I was teased now and then because of my adoption and excluded from a childcare lesson on adoption and fostering also, as well as being bullied but standing up to and befriending the worst bully, as she was being bullied at home also, it works both ways, another non curriculum lesson that I appreciated. Whenever I did speak out or had an inquiry or emotional need concerning my adoption or birth family it was always squashed with that old favourite ‘You’ve got a chip on your shoulder’ followed by the obligatory, 'you're so lucky and where would you be if you weren't adopted? Also of course ‘you can't miss what you never had’ and ‘you were too young to remember’? I disagree, considering I did, and I actually think that not getting what you needed makes you miss and want it even more!

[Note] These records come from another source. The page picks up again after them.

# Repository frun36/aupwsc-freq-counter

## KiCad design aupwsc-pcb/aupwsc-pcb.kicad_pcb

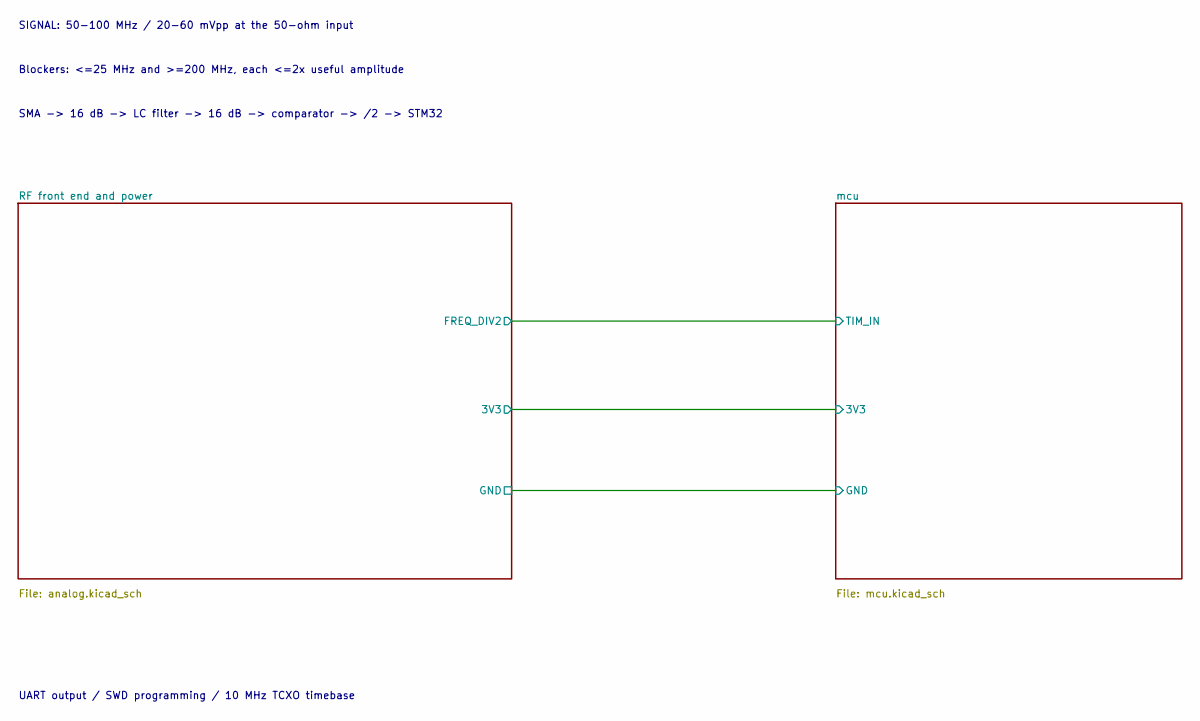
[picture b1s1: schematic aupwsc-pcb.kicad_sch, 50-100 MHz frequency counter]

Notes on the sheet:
UART output / SWD programming / 10 MHz TCXO timebase
SIGNAL: 50-100 MHz / 20-60 mVpp at the 50-ohm input
SMA -> 16 dB -> LC filter -> 16 dB -> comparator -> /2 -> STM32
Blockers: <=25 MHz and >=200 MHz, each <=2x useful amplitude

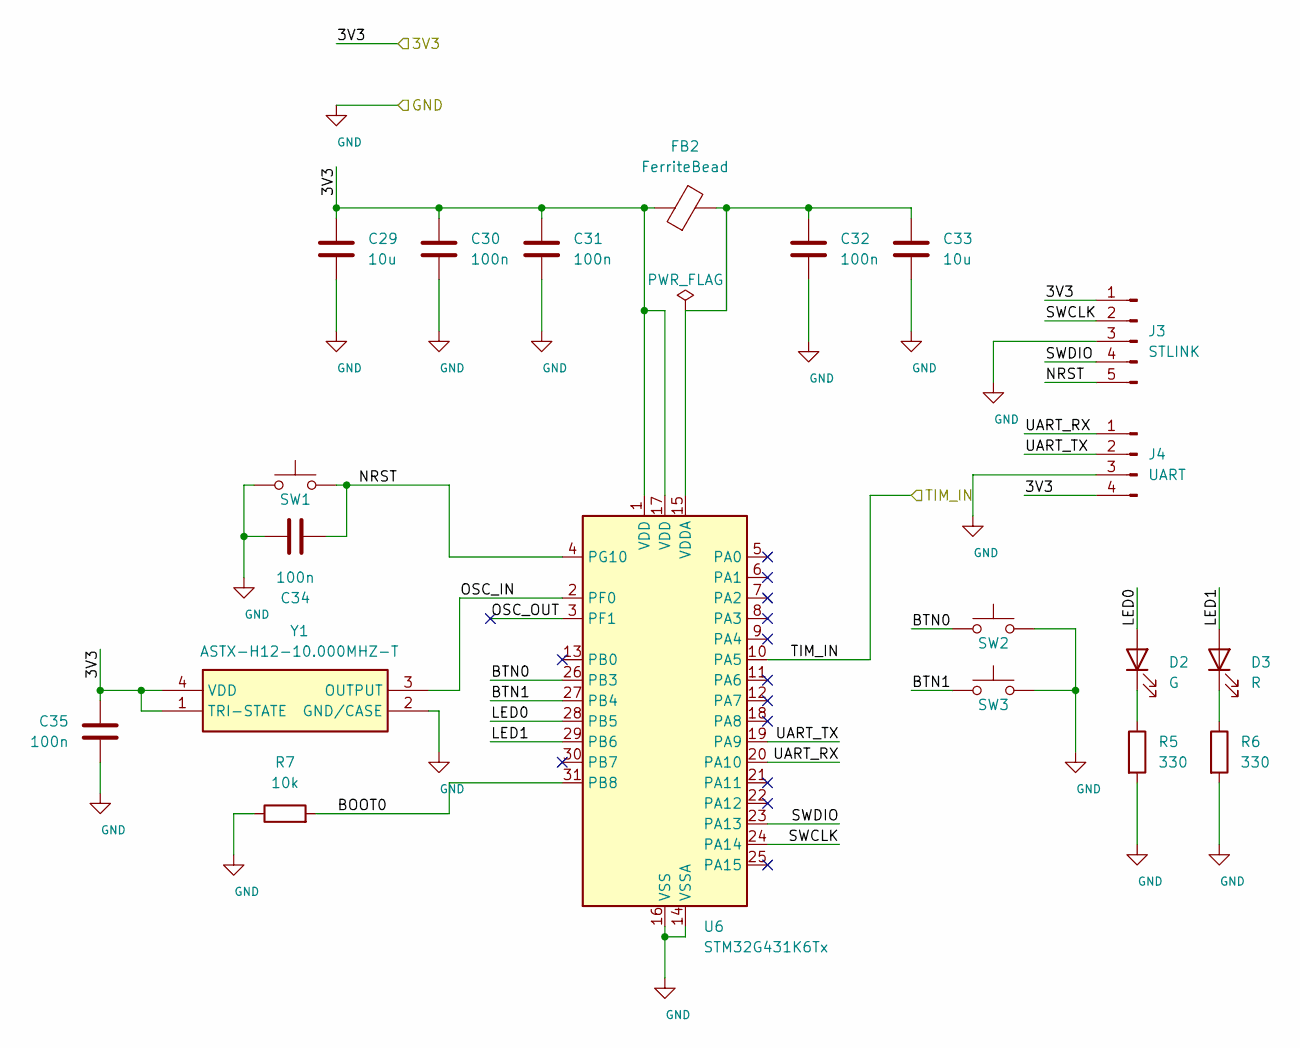
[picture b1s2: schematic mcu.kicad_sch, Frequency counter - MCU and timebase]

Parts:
C29, C33: 10u; C_0805_2012Metric_Pad1.18x1.45mm_HandSolder; MPN C0805C106K8RACAUTO
C30, C31, C32, C34, C35: 100n; C_0603_1608Metric_Pad1.08x0.95mm_HandSolder; MPN GRM188R71H104KA93D
D2: G; LED_0805_2012Metric_Pad1.15x1.40mm_HandSolder; MPN APT2012CGCK
D3: R; LED_0805_2012Metric_Pad1.15x1.40mm_HandSolder; MPN APT2012EC
FB2: FerriteBead; L_0603_1608Metric_Pad1.05x0.95mm_HandSolder; MPN BLM18AG601SN1D
J3: STLINK; PinHeader_1x05_P2.54mm_Vertical; MPN M20-9990545
J4: UART; PinHeader_1x04_P2.54mm_Vertical; MPN M20-9990445
R5, R6: 330; R_0603_1608Metric_Pad0.98x0.95mm_HandSolder; MPN RC0603FR-07330RL
R7: 10k; R_0603_1608Metric_Pad0.98x0.95mm_HandSolder; MPN RC0603FR-0710KL
SW1, SW2, SW3: SW_Push; SW_PUSH_6mm; MPN B3F-1000
U6: STM32G431K6Tx; LQFP-32_7x7mm_P0.8mm; MPN STM32G431K6T6
Y1: ASTX-H12-10.000MHZ-T; ASTX-H12; Mouser Part Number 815-ASTXH1210T

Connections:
/RF front end and power/3V3: C29.1, C30.1, C31.1, C35.1, FB2.1, J3.1, J4.4, U6.1 (VDD), U6.17 (VDD), Y1.1 (TRI-STATE), Y1.4 (VDD); also elsewhere on the board
/RF front end and power/FREQ_DIV2: U6.10 (PA5); also elsewhere on the board
/mcu/BOOT0: R7.2, U6.31 (PB8)
/mcu/BTN0: SW2.1, U6.26 (PB3)
/mcu/BTN1: SW3.1, U6.27 (PB4)
/mcu/LED0: D2.2 (A), U6.28 (PB5)
/mcu/LED1: D3.2 (A), U6.29 (PB6)
/mcu/NRST: C34.2, J3.5, SW1.2, U6.4 (PG10)
/mcu/OSC_IN: U6.2 (PF0), Y1.3 (OUTPUT)
/mcu/OSC_OUT: U6.3 (PF1)
/mcu/SWCLK: J3.2, U6.24 (PA14)
/mcu/SWDIO: J3.4, U6.23 (PA13)
/mcu/UART_RX: J4.1, U6.20 (PA10)
/mcu/UART_TX: J4.2, U6.19 (PA9)
GND: C29.2, C30.2, C31.2, C32.2, C33.2, C34.1, C35.2, J3.3, J4.3, R5.2, R6.2, R7.1, SW1.1, SW2.2, SW3.2, U6.14 (VSSA), U6.16 (VSS), U6.32 (VSS), Y1.2 (GND/CASE); also elsewhere on the board
unnamed: D2.1 (K), R5.1
unnamed: D3.1 (K), R6.1
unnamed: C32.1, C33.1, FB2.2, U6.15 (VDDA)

I would now say that it's not just a chip on the shoulder but a whopping and stomping giant potato with an almighty gravitational pull on my heart that's a stronger energy than the gravitational pull that's keeping my feet upon this Earth at times and yes I wouldn't have these problems to feel so lucky about if I had not been relinquished and adopted in the first place, in fact I couldn't agree more!
I ended up getting expelled from school, in the final year a few months before I was due to leave anyway because I continued to wear trousers and my Parker after an ultimatum with the deputy headmaster. I was a mod in those days and always having been a tomboy, the modette lifestyle didn't suit me at all and I couldn't bear to wear skirts and dresses at the best of times. I felt like a man in drag and found it unbearable. I didn't tell my parents and pretended to go to school every morning as I was well practised after all.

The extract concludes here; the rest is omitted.